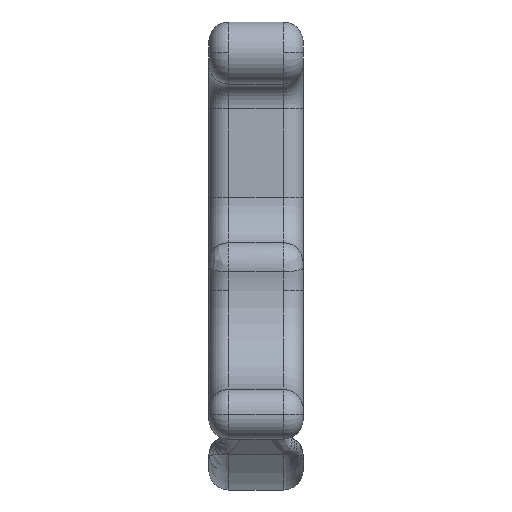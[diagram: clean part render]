
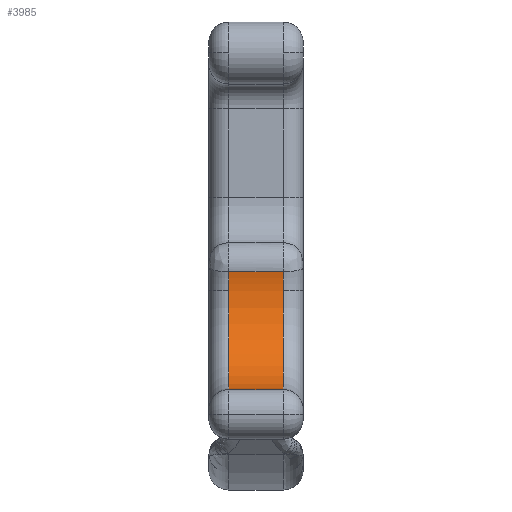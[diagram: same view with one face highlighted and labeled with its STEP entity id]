
A CAD part, top view. The second image highlights one B-rep face of the part: STEP entity #3985.
In plain terms, the highlighted cylindrical face has radius 10 mm (diameter 20 mm), a partial arc.
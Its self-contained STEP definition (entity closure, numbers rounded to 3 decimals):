
#35 = LINE ( 'NONE', #3484, #1410 ) ;
#146 = CARTESIAN_POINT ( 'NONE',  ( 3.833, 6.902, 35.182 ) ) ;
#231 = DIRECTION ( 'NONE',  ( 0., 0., -1. ) ) ;
#341 = DIRECTION ( 'NONE',  ( 0., 0., 1. ) ) ;
#414 = CARTESIAN_POINT ( 'NONE',  ( 7.5, 6.902, 35.182 ) ) ;
#434 = CARTESIAN_POINT ( 'NONE',  ( 7.5, 5., 45. ) ) ;
#538 = VERTEX_POINT ( 'NONE', #2452 ) ;
#686 = CARTESIAN_POINT ( 'NONE',  ( 9.5, 5., 45. ) ) ;
#753 = CARTESIAN_POINT ( 'NONE',  ( 7.5, 6.902, 35.182 ) ) ;
#784 = DIRECTION ( 'NONE',  ( 0., 0., -1. ) ) ;
#865 = ORIENTED_EDGE ( 'NONE', *, *, #1326, .T. ) ;
#1000 = ORIENTED_EDGE ( 'NONE', *, *, #2769, .T. ) ;
#1035 = DIRECTION ( 'NONE',  ( -1., 0., 0. ) ) ;
#1037 = CARTESIAN_POINT ( 'NONE',  ( 2., -5., 45. ) ) ;
#1326 = EDGE_CURVE ( 'NONE', #3020, #3002, #3058, .T. ) ;
#1410 = VECTOR ( 'NONE', #3493, 1000. ) ;
#1452 = AXIS2_PLACEMENT_3D ( 'NONE', #434, #2812, #784 ) ;
#1532 = CIRCLE ( 'NONE', #4001, 10. ) ;
#1622 = EDGE_CURVE ( 'NONE', #2375, #1744, #1532, .T. ) ;
#1638 = ORIENTED_EDGE ( 'NONE', *, *, #3158, .F. ) ;
#1650 = EDGE_LOOP ( 'NONE', ( #865, #1000, #3789, #1638, #4078, #2574 ) ) ;
#1667 = DIRECTION ( 'NONE',  ( -1., 0., 0. ) ) ;
#1724 = AXIS2_PLACEMENT_3D ( 'NONE', #4245, #2268, #231 ) ;
#1744 = VERTEX_POINT ( 'NONE', #2168 ) ;
#1748 = AXIS2_PLACEMENT_3D ( 'NONE', #686, #1035, #341 ) ;
#1775 = CARTESIAN_POINT ( 'NONE',  ( 7.5, 5., 45. ) ) ;
#1786 = CARTESIAN_POINT ( 'NONE',  ( 5.667, 6.902, 35.182 ) ) ;
#1862 = FACE_OUTER_BOUND ( 'NONE', #1650, .T. ) ;
#2108 = DIRECTION ( 'NONE',  ( 0., 0., -1. ) ) ;
#2149 = VERTEX_POINT ( 'NONE', #1037 ) ;
#2168 = CARTESIAN_POINT ( 'NONE',  ( 7.5, 5., 35. ) ) ;
#2268 = DIRECTION ( 'NONE',  ( -1., 0., 0. ) ) ;
#2375 = VERTEX_POINT ( 'NONE', #2611 ) ;
#2434 = EDGE_CURVE ( 'NONE', #538, #2149, #3555, .T. ) ;
#2445 = CARTESIAN_POINT ( 'NONE',  ( 2., 6.902, 35.182 ) ) ;
#2452 = CARTESIAN_POINT ( 'NONE',  ( 2., 5., 35. ) ) ;
#2507 = CARTESIAN_POINT ( 'NONE',  ( 2., 6.902, 35.182 ) ) ;
#2574 = ORIENTED_EDGE ( 'NONE', *, *, #3463, .T. ) ;
#2611 = CARTESIAN_POINT ( 'NONE',  ( 7.5, -5., 45. ) ) ;
#2769 = EDGE_CURVE ( 'NONE', #3002, #538, #3052, .T. ) ;
#2812 = DIRECTION ( 'NONE',  ( 1., 0., 0. ) ) ;
#3002 = VERTEX_POINT ( 'NONE', #2445 ) ;
#3020 = VERTEX_POINT ( 'NONE', #414 ) ;
#3052 = CIRCLE ( 'NONE', #1724, 10. ) ;
#3058 = B_SPLINE_CURVE_WITH_KNOTS ( 'NONE', 3,
 ( #753, #1786, #146, #2507 ),
 .UNSPECIFIED., .F., .F.,
 ( 4, 4 ),
 ( 0.211, 0.789 ),
 .UNSPECIFIED. ) ;
#3158 = EDGE_CURVE ( 'NONE', #2375, #2149, #35, .T. ) ;
#3463 = EDGE_CURVE ( 'NONE', #1744, #3020, #4109, .T. ) ;
#3484 = CARTESIAN_POINT ( 'NONE',  ( 9.5, -5., 45. ) ) ;
#3493 = DIRECTION ( 'NONE',  ( -1., 0., 0. ) ) ;
#3555 = CIRCLE ( 'NONE', #4105, 10. ) ;
#3653 = CARTESIAN_POINT ( 'NONE',  ( 2., 5., 45. ) ) ;
#3789 = ORIENTED_EDGE ( 'NONE', *, *, #2434, .T. ) ;
#3985 = ADVANCED_FACE ( 'NONE', ( #1862 ), #4314, .F. ) ;
#3988 = DIRECTION ( 'NONE',  ( 0., 0., -1. ) ) ;
#4001 = AXIS2_PLACEMENT_3D ( 'NONE', #1775, #4096, #2108 ) ;
#4078 = ORIENTED_EDGE ( 'NONE', *, *, #1622, .T. ) ;
#4096 = DIRECTION ( 'NONE',  ( 1., 0., 0. ) ) ;
#4105 = AXIS2_PLACEMENT_3D ( 'NONE', #3653, #1667, #3988 ) ;
#4109 = CIRCLE ( 'NONE', #1452, 10. ) ;
#4245 = CARTESIAN_POINT ( 'NONE',  ( 2., 5., 45. ) ) ;
#4314 = CYLINDRICAL_SURFACE ( 'NONE', #1748, 10. ) ;

WORK INSTRUCTIONS
Restate every record exactly, please; do not copy the pictures.

RESPONSE AREA
[diagram: clean part render]
[diagram: same view with one face highlighted and labeled with its STEP entity id]
A CAD part, top view. The second image highlights one B-rep face of the part: STEP entity #3985.
In plain terms, the highlighted cylindrical face has radius 10 mm (diameter 20 mm), a partial arc.
Its self-contained STEP definition (entity closure, numbers rounded to 3 decimals):
#35 = LINE ( 'NONE', #3484, #1410 ) ;
#146 = CARTESIAN_POINT ( 'NONE',  ( 3.833, 6.902, 35.182 ) ) ;
#231 = DIRECTION ( 'NONE',  ( 0., 0., -1. ) ) ;
#341 = DIRECTION ( 'NONE',  ( 0., 0., 1. ) ) ;
#414 = CARTESIAN_POINT ( 'NONE',  ( 7.5, 6.902, 35.182 ) ) ;
#434 = CARTESIAN_POINT ( 'NONE',  ( 7.5, 5., 45. ) ) ;
#538 = VERTEX_POINT ( 'NONE', #2452 ) ;
#686 = CARTESIAN_POINT ( 'NONE',  ( 9.5, 5., 45. ) ) ;
#753 = CARTESIAN_POINT ( 'NONE',  ( 7.5, 6.902, 35.182 ) ) ;
#784 = DIRECTION ( 'NONE',  ( 0., 0., -1. ) ) ;
#865 = ORIENTED_EDGE ( 'NONE', *, *, #1326, .T. ) ;
#1000 = ORIENTED_EDGE ( 'NONE', *, *, #2769, .T. ) ;
#1035 = DIRECTION ( 'NONE',  ( -1., 0., 0. ) ) ;
#1037 = CARTESIAN_POINT ( 'NONE',  ( 2., -5., 45. ) ) ;
#1326 = EDGE_CURVE ( 'NONE', #3020, #3002, #3058, .T. ) ;
#1410 = VECTOR ( 'NONE', #3493, 1000. ) ;
#1452 = AXIS2_PLACEMENT_3D ( 'NONE', #434, #2812, #784 ) ;
#1532 = CIRCLE ( 'NONE', #4001, 10. ) ;
#1622 = EDGE_CURVE ( 'NONE', #2375, #1744, #1532, .T. ) ;
#1638 = ORIENTED_EDGE ( 'NONE', *, *, #3158, .F. ) ;
#1650 = EDGE_LOOP ( 'NONE', ( #865, #1000, #3789, #1638, #4078, #2574 ) ) ;
#1667 = DIRECTION ( 'NONE',  ( -1., 0., 0. ) ) ;
#1724 = AXIS2_PLACEMENT_3D ( 'NONE', #4245, #2268, #231 ) ;
#1744 = VERTEX_POINT ( 'NONE', #2168 ) ;
#1748 = AXIS2_PLACEMENT_3D ( 'NONE', #686, #1035, #341 ) ;
#1775 = CARTESIAN_POINT ( 'NONE',  ( 7.5, 5., 45. ) ) ;
#1786 = CARTESIAN_POINT ( 'NONE',  ( 5.667, 6.902, 35.182 ) ) ;
#1862 = FACE_OUTER_BOUND ( 'NONE', #1650, .T. ) ;
#2108 = DIRECTION ( 'NONE',  ( 0., 0., -1. ) ) ;
#2149 = VERTEX_POINT ( 'NONE', #1037 ) ;
#2168 = CARTESIAN_POINT ( 'NONE',  ( 7.5, 5., 35. ) ) ;
#2268 = DIRECTION ( 'NONE',  ( -1., 0., 0. ) ) ;
#2375 = VERTEX_POINT ( 'NONE', #2611 ) ;
#2434 = EDGE_CURVE ( 'NONE', #538, #2149, #3555, .T. ) ;
#2445 = CARTESIAN_POINT ( 'NONE',  ( 2., 6.902, 35.182 ) ) ;
#2452 = CARTESIAN_POINT ( 'NONE',  ( 2., 5., 35. ) ) ;
#2507 = CARTESIAN_POINT ( 'NONE',  ( 2., 6.902, 35.182 ) ) ;
#2574 = ORIENTED_EDGE ( 'NONE', *, *, #3463, .T. ) ;
#2611 = CARTESIAN_POINT ( 'NONE',  ( 7.5, -5., 45. ) ) ;
#2769 = EDGE_CURVE ( 'NONE', #3002, #538, #3052, .T. ) ;
#2812 = DIRECTION ( 'NONE',  ( 1., 0., 0. ) ) ;
#3002 = VERTEX_POINT ( 'NONE', #2445 ) ;
#3020 = VERTEX_POINT ( 'NONE', #414 ) ;
#3052 = CIRCLE ( 'NONE', #1724, 10. ) ;
#3058 = B_SPLINE_CURVE_WITH_KNOTS ( 'NONE', 3,
 ( #753, #1786, #146, #2507 ),
 .UNSPECIFIED., .F., .F.,
 ( 4, 4 ),
 ( 0.211, 0.789 ),
 .UNSPECIFIED. ) ;
#3158 = EDGE_CURVE ( 'NONE', #2375, #2149, #35, .T. ) ;
#3463 = EDGE_CURVE ( 'NONE', #1744, #3020, #4109, .T. ) ;
#3484 = CARTESIAN_POINT ( 'NONE',  ( 9.5, -5., 45. ) ) ;
#3493 = DIRECTION ( 'NONE',  ( -1., 0., 0. ) ) ;
#3555 = CIRCLE ( 'NONE', #4105, 10. ) ;
#3653 = CARTESIAN_POINT ( 'NONE',  ( 2., 5., 45. ) ) ;
#3789 = ORIENTED_EDGE ( 'NONE', *, *, #2434, .T. ) ;
#3985 = ADVANCED_FACE ( 'NONE', ( #1862 ), #4314, .F. ) ;
#3988 = DIRECTION ( 'NONE',  ( 0., 0., -1. ) ) ;
#4001 = AXIS2_PLACEMENT_3D ( 'NONE', #1775, #4096, #2108 ) ;
#4078 = ORIENTED_EDGE ( 'NONE', *, *, #1622, .T. ) ;
#4096 = DIRECTION ( 'NONE',  ( 1., 0., 0. ) ) ;
#4105 = AXIS2_PLACEMENT_3D ( 'NONE', #3653, #1667, #3988 ) ;
#4109 = CIRCLE ( 'NONE', #1452, 10. ) ;
#4245 = CARTESIAN_POINT ( 'NONE',  ( 2., 5., 45. ) ) ;
#4314 = CYLINDRICAL_SURFACE ( 'NONE', #1748, 10. ) ;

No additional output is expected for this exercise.